* **Assigned task**: Extract the lines of the material below, beginning with the first and ending with the line that holds "msp = doc.modelspace()". Skip every picture.

* **Given records**:
[Start of Attachment]

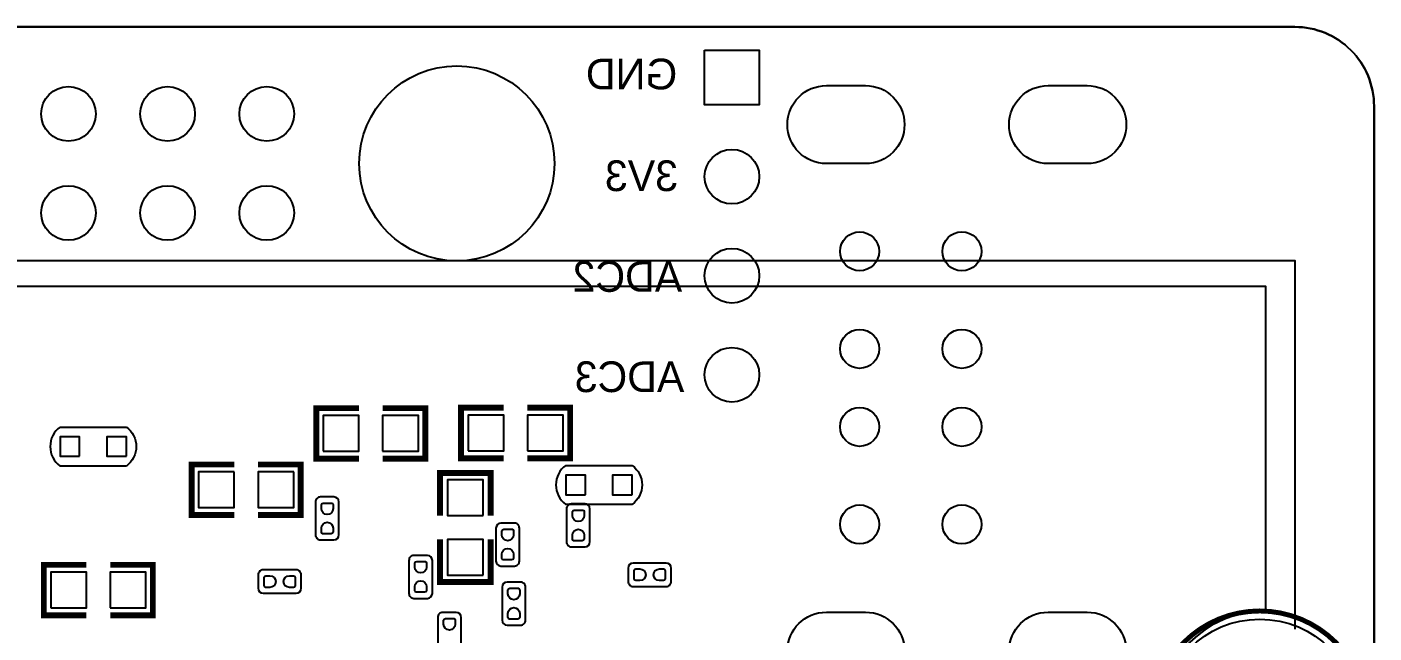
# Model space of a CAD drawing. Extents: x -19.8 to 77.6, y -11.3 to 44.7.
# Drawn here: x 43.13 to 77.64, y 29.19 to 44.73 of the extents above; entities that cross this region are included whole.
import ezdxf

# ---------------------------------------------------------------- set-up
doc = ezdxf.new("R2010")
doc.units = 0
for name, color, linetype in [('BG_OUTLINE', 1, 'CONTINUOUS'), ('BG_SILKSCREEN_BOTTOM', 1, 'CONTINUOUS'), ('PG_ASSEMBLY_BOTTOM', 12, 'CONTINUOUS'), ('PG_SILKSCREEN_BOTTOM', 7, 'CONTINUOUS'), ('PIN_BOTTOM', 52, 'CONTINUOUS')]:
    doc.layers.add(name, color=color, linetype=linetype)

msp = doc.modelspace()

# ---------------------------------------------------------------- linework, layer by layer
at = {"layer": 'BG_OUTLINE'}
msp.add_lwpolyline([(41.17594, 44.732905), (75.607393, 44.732905, -0.414214), (77.639393, 42.700905), (77.639393, -9.23511, -0.414214), (75.607393, -11.26711), (-9.325788, -11.26711, -0.414214), (-11.357788, -9.23511), (-11.357788, -4.005275)], format="xyb", dxfattribs=at)
msp.add_lwpolyline([(41.17594, 44.732905), (-9.325788, 44.732905, 0.414214), (-11.357788, 42.700905), (-11.357788, 3.425241, 0.414214), (-10.595788, 2.663241), (-10.089947, 2.663241), (-10.089947, -3.243275), (-10.595788, -3.243275, 0.414214), (-11.357788, -4.005275), (-11.357788, -9.23511, 0.414214), (-9.325788, -11.26711), (75.607393, -11.26711, 0.414214), (77.639393, -9.23511), (77.639393, 42.700905, 0.414214), (75.607393, 44.732905)], format="xyb", close=True, dxfattribs=at)
at = {"layer": 'PG_ASSEMBLY_BOTTOM'}
for points in [[(-1.288542, 38.083744), (74.861674, 38.083744), (74.861674, 29.758945), (74.861471, 29.758945, 1.000018), (74.861471, 24.258727), (74.861674, 24.258727), (74.861674, 15.933928), (-1.288542, 15.933928)], [(43.973521, 34.473921, 0.504928), (43.973521, 33.474127)], [(45.673747, 34.473921, -0.503873), (45.673747, 33.474127)], [(56.932093, 33.489925, 0.504928), (56.932093, 32.490131)], [(58.632319, 33.489925, -0.503873), (58.632319, 32.490131)], [(50.646609, 32.681951, 0.414214), (50.519609, 32.554951)], [(51.119811, 32.554951, 0.414135), (50.992811, 32.681951)], [(57.078397, 32.503389, 0.414214), (56.951397, 32.376389)], [(57.551599, 32.376389, 0.414135), (57.424599, 32.503389)], [(55.269613, 32.010858, 0.414174), (55.142613, 31.883858)], [(55.742815, 31.883858, 0.414253), (55.615815, 32.010858)], [(50.519609, 31.708852, 0.414253), (50.646609, 31.581852)], [(50.992811, 31.581852, 0.414174), (51.119811, 31.708852)], [(56.951397, 31.53029, 0.414253), (57.078397, 31.40329)], [(57.424599, 31.40329, 0.414174), (57.551599, 31.53029)], [(53.039797, 31.182589, 0.414214), (52.912797, 31.055589)], [(53.512999, 31.055589, 0.414135), (53.385999, 31.182589)], [(49.177702, 30.813223, 0.414253), (49.050702, 30.686223)], [(50.150801, 30.686223, 0.414214), (50.023801, 30.813223)], [(55.142613, 31.037759, 0.414135), (55.269613, 30.910759)], [(55.615815, 30.910759, 0.414214), (55.742815, 31.037759)], [(58.657211, 30.986501, 0.414135), (58.530211, 30.859501)], [(59.63031, 30.859501, 0.414174), (59.50331, 30.986501)], [(55.427601, 30.49651, 0.414174), (55.300601, 30.36951)], [(55.900803, 30.36951, 0.414253), (55.773803, 30.49651)], [(58.530211, 30.513299, 0.414214), (58.657211, 30.386299)], [(59.50331, 30.386299, 0.414253), (59.63031, 30.513299)], [(49.050702, 30.340021, 0.414174), (49.177702, 30.213021)], [(50.023801, 30.213021, 0.414135), (50.150801, 30.340021)], [(52.912797, 30.20949, 0.414253), (53.039797, 30.08249)], [(53.385999, 30.08249, 0.414174), (53.512999, 30.20949)], [(53.777363, 29.720819, 0.414214), (53.650363, 29.593819)], [(54.250565, 29.593819, 0.414135), (54.123565, 29.720819)], [(55.300601, 29.523411, 0.414135), (55.427601, 29.396411)], [(55.773803, 29.396411, 0.414214), (55.900803, 29.523411)]]:
    msp.add_lwpolyline(points, format="xyb", dxfattribs=at)
at = {"layer": 'PG_ASSEMBLY_BOTTOM', "const_width": 0.100101}
for points in [[(51.630072, 34.958528), (50.537872, 34.958528), (50.537872, 33.663128), (51.630072, 33.663128)], [(52.239672, 34.958528), (53.331872, 34.958528), (53.331872, 33.663128), (52.239672, 33.663128)], [(55.340758, 34.968942), (54.248558, 34.968942), (54.248558, 33.673542), (55.340758, 33.673542)], [(55.950358, 34.968942), (57.042558, 34.968942), (57.042558, 33.673542), (55.950358, 33.673542)], [(48.438308, 32.220408), (47.346108, 32.220408), (47.346108, 33.515808), (48.438308, 33.515808)], [(49.047908, 32.220408), (50.140108, 32.220408), (50.140108, 33.515808), (49.047908, 33.515808)], [(53.71084, 32.202374), (53.71084, 33.294574), (55.00624, 33.294574), (55.00624, 32.202374)], [(53.71084, 31.592774), (53.71084, 30.500574), (55.00624, 30.500574), (55.00624, 31.592774)], [(44.649898, 30.941518), (43.557698, 30.941518), (43.557698, 29.646118), (44.649898, 29.646118)], [(45.259498, 30.941518), (46.351698, 30.941518), (46.351698, 29.646118), (45.259498, 29.646118)]]:
    msp.add_lwpolyline(points, dxfattribs=at)
at = {"layer": 'PG_ASSEMBLY_BOTTOM'}
for points in [[(43.973623, 34.474023), (45.673645, 34.474023)], [(56.932195, 33.490027), (58.632217, 33.490027)], [(45.673645, 33.474025), (43.973623, 33.474025)], [(50.519609, 32.554951), (50.519609, 31.708852)], [(50.992811, 32.681951), (50.646609, 32.681951)], [(51.119811, 31.708852), (51.119811, 32.554951)], [(58.632217, 32.490029), (56.932195, 32.490029)], [(57.424599, 32.503389), (57.078397, 32.503389)], [(56.951397, 32.376389), (56.951397, 31.53029)], [(57.551599, 31.53029), (57.551599, 32.376389)], [(55.142613, 31.883858), (55.142613, 31.037759)], [(55.615815, 32.010858), (55.269613, 32.010858)], [(55.742815, 31.037759), (55.742815, 31.883858)], [(50.646609, 31.581852), (50.992811, 31.581852)], [(53.385999, 31.182589), (53.039797, 31.182589)], [(57.078397, 31.40329), (57.424599, 31.40329)], [(50.023801, 30.813223), (49.177702, 30.813223)], [(52.912797, 31.055589), (52.912797, 30.20949)], [(53.512999, 30.20949), (53.512999, 31.055589)], [(55.269613, 30.910759), (55.615815, 30.910759)], [(58.530211, 30.859501), (58.530211, 30.513299)], [(59.50331, 30.986501), (58.657211, 30.986501)], [(59.63031, 30.513299), (59.63031, 30.859501)], [(49.050702, 30.686223), (49.050702, 30.340021)], [(50.150801, 30.340021), (50.150801, 30.686223)], [(55.773803, 30.49651), (55.427601, 30.49651)], [(58.657211, 30.386299), (59.50331, 30.386299)], [(49.177702, 30.213021), (50.023801, 30.213021)], [(53.039797, 30.08249), (53.385999, 30.08249)], [(55.300601, 30.36951), (55.300601, 29.523411)], [(55.900803, 29.523411), (55.900803, 30.36951)], [(54.123565, 29.720819), (53.777363, 29.720819)], [(53.650363, 29.593819), (53.650363, 28.74772)], [(54.250565, 28.74772), (54.250565, 29.593819)], [(55.427601, 29.396411), (55.773803, 29.396411)]]:
    msp.add_lwpolyline(points, dxfattribs=at)
at = {"layer": 'PG_SILKSCREEN_BOTTOM'}
for points in [[(-10.371836, 38.743636), (75.607164, 38.743636), (75.607164, 29.294836)], [(43.973623, 34.474023), (45.673645, 34.474023)], [(56.932195, 33.490027), (58.632217, 33.490027)], [(45.673645, 33.474025), (43.973623, 33.474025)], [(58.632217, 32.490029), (56.932195, 32.490029)]]:
    msp.add_lwpolyline(points, dxfattribs=at)
at = {"layer": 'PG_SILKSCREEN_BOTTOM', "const_width": 0.150089}
for points in [[(51.630072, 34.958528), (50.537872, 34.958528), (50.537872, 33.663128), (51.630072, 33.663128)], [(52.239672, 34.958528), (53.331872, 34.958528), (53.331872, 33.663128), (52.239672, 33.663128)], [(55.340758, 34.968942), (54.248558, 34.968942), (54.248558, 33.673542), (55.340758, 33.673542)], [(55.950358, 34.968942), (57.042558, 34.968942), (57.042558, 33.673542), (55.950358, 33.673542)], [(48.438308, 32.220408), (47.346108, 32.220408), (47.346108, 33.515808), (48.438308, 33.515808)], [(49.047908, 32.220408), (50.140108, 32.220408), (50.140108, 33.515808), (49.047908, 33.515808)], [(53.71084, 32.202374), (53.71084, 33.294574), (55.00624, 33.294574), (55.00624, 32.202374)], [(53.71084, 31.592774), (53.71084, 30.500574), (55.00624, 30.500574), (55.00624, 31.592774)], [(44.649898, 30.941518), (43.557698, 30.941518), (43.557698, 29.646118), (44.649898, 29.646118)], [(45.259498, 30.941518), (46.351698, 30.941518), (46.351698, 29.646118), (45.259498, 29.646118)]]:
    msp.add_lwpolyline(points, dxfattribs=at)
at = {"layer": 'PG_SILKSCREEN_BOTTOM'}
for points in [[(43.973521, 34.473921, 0.504928), (43.973521, 33.474127)], [(45.673747, 34.473921, -0.503873), (45.673747, 33.474127)], [(56.932093, 33.489925, 0.504928), (56.932093, 32.490131)], [(58.632319, 33.489925, -0.503873), (58.632319, 32.490131)]]:
    msp.add_lwpolyline(points, format="xyb", dxfattribs=at)
at = {"layer": 'PG_SILKSCREEN_BOTTOM', "const_width": 0.127}
msp.add_lwpolyline([(77.461669, 27.008836, 1), (71.961451, 27.008836, 1), (77.461669, 27.008836)], format="xyb", dxfattribs=at)
at = {"layer": 'PIN_BOTTOM'}
for points in [[(60.488601, 44.133999), (61.888599, 44.133999), (61.888599, 42.734001), (60.488601, 42.734001)], [(50.715672, 33.853628), (51.630072, 33.853628), (51.630072, 34.768028), (50.715672, 34.768028)], [(52.239672, 33.853628), (53.154072, 33.853628), (53.154072, 34.768028), (52.239672, 34.768028)], [(54.426358, 33.864042), (55.340758, 33.864042), (55.340758, 34.778442), (54.426358, 34.778442)], [(55.950358, 33.864042), (56.864758, 33.864042), (56.864758, 34.778442), (55.950358, 34.778442)], [(44.473571, 33.724088), (44.473571, 34.22396), (43.973699, 34.22396), (43.973699, 33.724088)], [(45.673569, 33.724088), (45.673569, 34.22396), (45.173697, 34.22396), (45.173697, 33.724088)], [(48.438308, 33.325308), (47.523908, 33.325308), (47.523908, 32.410908), (48.438308, 32.410908)], [(49.962308, 33.325308), (49.047908, 33.325308), (49.047908, 32.410908), (49.962308, 32.410908)], [(57.432143, 32.740092), (57.432143, 33.239964), (56.932271, 33.239964), (56.932271, 32.740092)], [(58.632141, 32.740092), (58.632141, 33.239964), (58.132269, 33.239964), (58.132269, 32.740092)], [(54.81574, 32.202374), (54.81574, 33.116774), (53.90134, 33.116774), (53.90134, 32.202374)], [(54.81574, 30.678374), (54.81574, 31.592774), (53.90134, 31.592774), (53.90134, 30.678374)], [(43.735498, 29.836618), (44.649898, 29.836618), (44.649898, 30.751018), (43.735498, 30.751018)], [(45.259498, 29.836618), (46.173898, 29.836618), (46.173898, 30.751018), (45.259498, 30.751018)]]:
    msp.add_lwpolyline(points, close=True, dxfattribs=at)
for points in [[(64.609396, 41.228899), (63.609398, 41.228899, -1), (63.609398, 43.228895), (64.609396, 43.228895, -1)], [(70.289293, 41.228899), (69.289295, 41.228899, -1), (69.289295, 43.228895), (70.289293, 43.228895, -1)], [(50.669723, 32.381901), (50.669723, 32.483501, -0.376179), (50.718212, 32.525995), (50.934112, 32.525995, -0.366061), (50.969901, 32.483501), (50.969901, 32.381901, -0.999182)], [(57.101511, 32.203339), (57.101511, 32.304939, -0.376179), (57.15, 32.347433), (57.3659, 32.347433, -0.366061), (57.401689, 32.304939), (57.401689, 32.203339, -0.999182)], [(50.969901, 31.881623), (50.969901, 31.780023, -0.376179), (50.921412, 31.737529), (50.705512, 31.737529, -0.366061), (50.669723, 31.780023), (50.669723, 31.881623, -0.999182)], [(55.292523, 31.711087), (55.292523, 31.812687, -0.376179), (55.341012, 31.855181), (55.556912, 31.855181, -0.366061), (55.592701, 31.812687), (55.592701, 31.711087, -0.999182)], [(57.401689, 31.703061), (57.401689, 31.601461, -0.376179), (57.3532, 31.558967), (57.1373, 31.558967, -0.366061), (57.101511, 31.601461), (57.101511, 31.703061, -0.999182)], [(55.592701, 31.210809), (55.592701, 31.109209, -0.376179), (55.544212, 31.066715), (55.328312, 31.066715, -0.366061), (55.292523, 31.109209), (55.292523, 31.210809, -0.999182)], [(53.062911, 30.882539), (53.062911, 30.984139, -0.376179), (53.1114, 31.026633), (53.3273, 31.026633, -0.366061), (53.363089, 30.984139), (53.363089, 30.882539, -0.999182)], [(58.830261, 30.536413), (58.728661, 30.536413, -0.376179), (58.686167, 30.584902), (58.686167, 30.800802, -0.366061), (58.728661, 30.836591), (58.830261, 30.836591, -0.999182)], [(59.330539, 30.836591), (59.432139, 30.836591, -0.376179), (59.474633, 30.788102), (59.474633, 30.572202, -0.366061), (59.432139, 30.536413), (59.330539, 30.536413, -0.999182)], [(49.350473, 30.362931), (49.248873, 30.362931, -0.376179), (49.206379, 30.41142), (49.206379, 30.62732, -0.366061), (49.248873, 30.663109), (49.350473, 30.663109, -0.999182)], [(49.850751, 30.663109), (49.952351, 30.663109, -0.376179), (49.994845, 30.61462), (49.994845, 30.39872, -0.366061), (49.952351, 30.362931), (49.850751, 30.362931, -0.999182)], [(53.363089, 30.382261), (53.363089, 30.280661, -0.376179), (53.3146, 30.238167), (53.0987, 30.238167, -0.366061), (53.062911, 30.280661), (53.062911, 30.382261, -0.999182)], [(55.450511, 30.196739), (55.450511, 30.298339, -0.376179), (55.499, 30.340833), (55.7149, 30.340833, -0.366061), (55.750689, 30.298339), (55.750689, 30.196739, -0.999182)], [(55.750689, 29.696461), (55.750689, 29.594861, -0.376179), (55.7022, 29.552367), (55.4863, 29.552367, -0.366061), (55.450511, 29.594861), (55.450511, 29.696461, -0.999182)], [(64.609396, 27.728901), (63.609398, 27.728901, -1), (63.609398, 29.728897), (64.609396, 29.728897, -1)], [(70.289293, 27.728901), (69.289295, 27.728901, -1), (69.289295, 29.728897), (70.289293, 29.728897, -1)], [(53.800477, 29.420769), (53.800477, 29.522369, -0.376179), (53.848965, 29.564863), (54.064865, 29.564863, -0.366061), (54.100654, 29.522369), (54.100654, 29.420769, -0.999182)]]:
    msp.add_lwpolyline(points, format="xyb", close=True, dxfattribs=at)
for centre, radius in [((54.139389, 41.232912), 2.499995), ((44.189396, 42.502912), 0.699999), ((46.729396, 42.502912), 0.699999), ((49.269396, 42.502912), 0.699999), ((61.1886, 40.894), 0.699999), ((44.189396, 39.962912), 0.699999), ((46.729396, 39.962912), 0.699999), ((49.269396, 39.962912), 0.699999), ((64.459383, 38.978992), 0.499999), ((67.079393, 38.978992), 0.499999), ((61.1886, 38.354), 0.699999), ((64.459383, 36.478896), 0.499999), ((67.079393, 36.478896), 0.499999), ((61.1886, 35.814), 0.699999), ((64.459383, 34.4789), 0.499999), ((67.079393, 34.4789), 0.499999), ((64.459383, 31.978803), 0.499999), ((67.079393, 31.978803), 0.499999), ((74.71156, 27.008836), 2.54)]:
    msp.add_circle(centre, radius, dxfattribs=at)

# ---------------------------------------------------------------- texts
at = {"layer": 'BG_SILKSCREEN_BOTTOM', "text_generation_flag": 2}
for s, p in [('GND', (59.787536, 43.131994)), ('3V3', (59.807094, 40.524176)), ('ADC2', (59.915298, 37.940996)), ('ADC3', (59.9694, 35.370516))]:
    msp.add_text(s, height=0.7874, dxfattribs=at).set_placement(p)

doc.saveas('drawing.dxf')

[End of Attachment]

* **Response to the task**:
# Model space of a CAD drawing. Extents: x -19.8 to 77.6, y -11.3 to 44.7.
# Drawn here: x 43.13 to 77.64, y 29.19 to 44.73 of the extents above; entities that cross this region are included whole.
import ezdxf

# ---------------------------------------------------------------- set-up
doc = ezdxf.new("R2010")
doc.units = 0
for name, color, linetype in [('BG_OUTLINE', 1, 'CONTINUOUS'), ('BG_SILKSCREEN_BOTTOM', 1, 'CONTINUOUS'), ('PG_ASSEMBLY_BOTTOM', 12, 'CONTINUOUS'), ('PG_SILKSCREEN_BOTTOM', 7, 'CONTINUOUS'), ('PIN_BOTTOM', 52, 'CONTINUOUS')]:
    doc.layers.add(name, color=color, linetype=linetype)

msp = doc.modelspace()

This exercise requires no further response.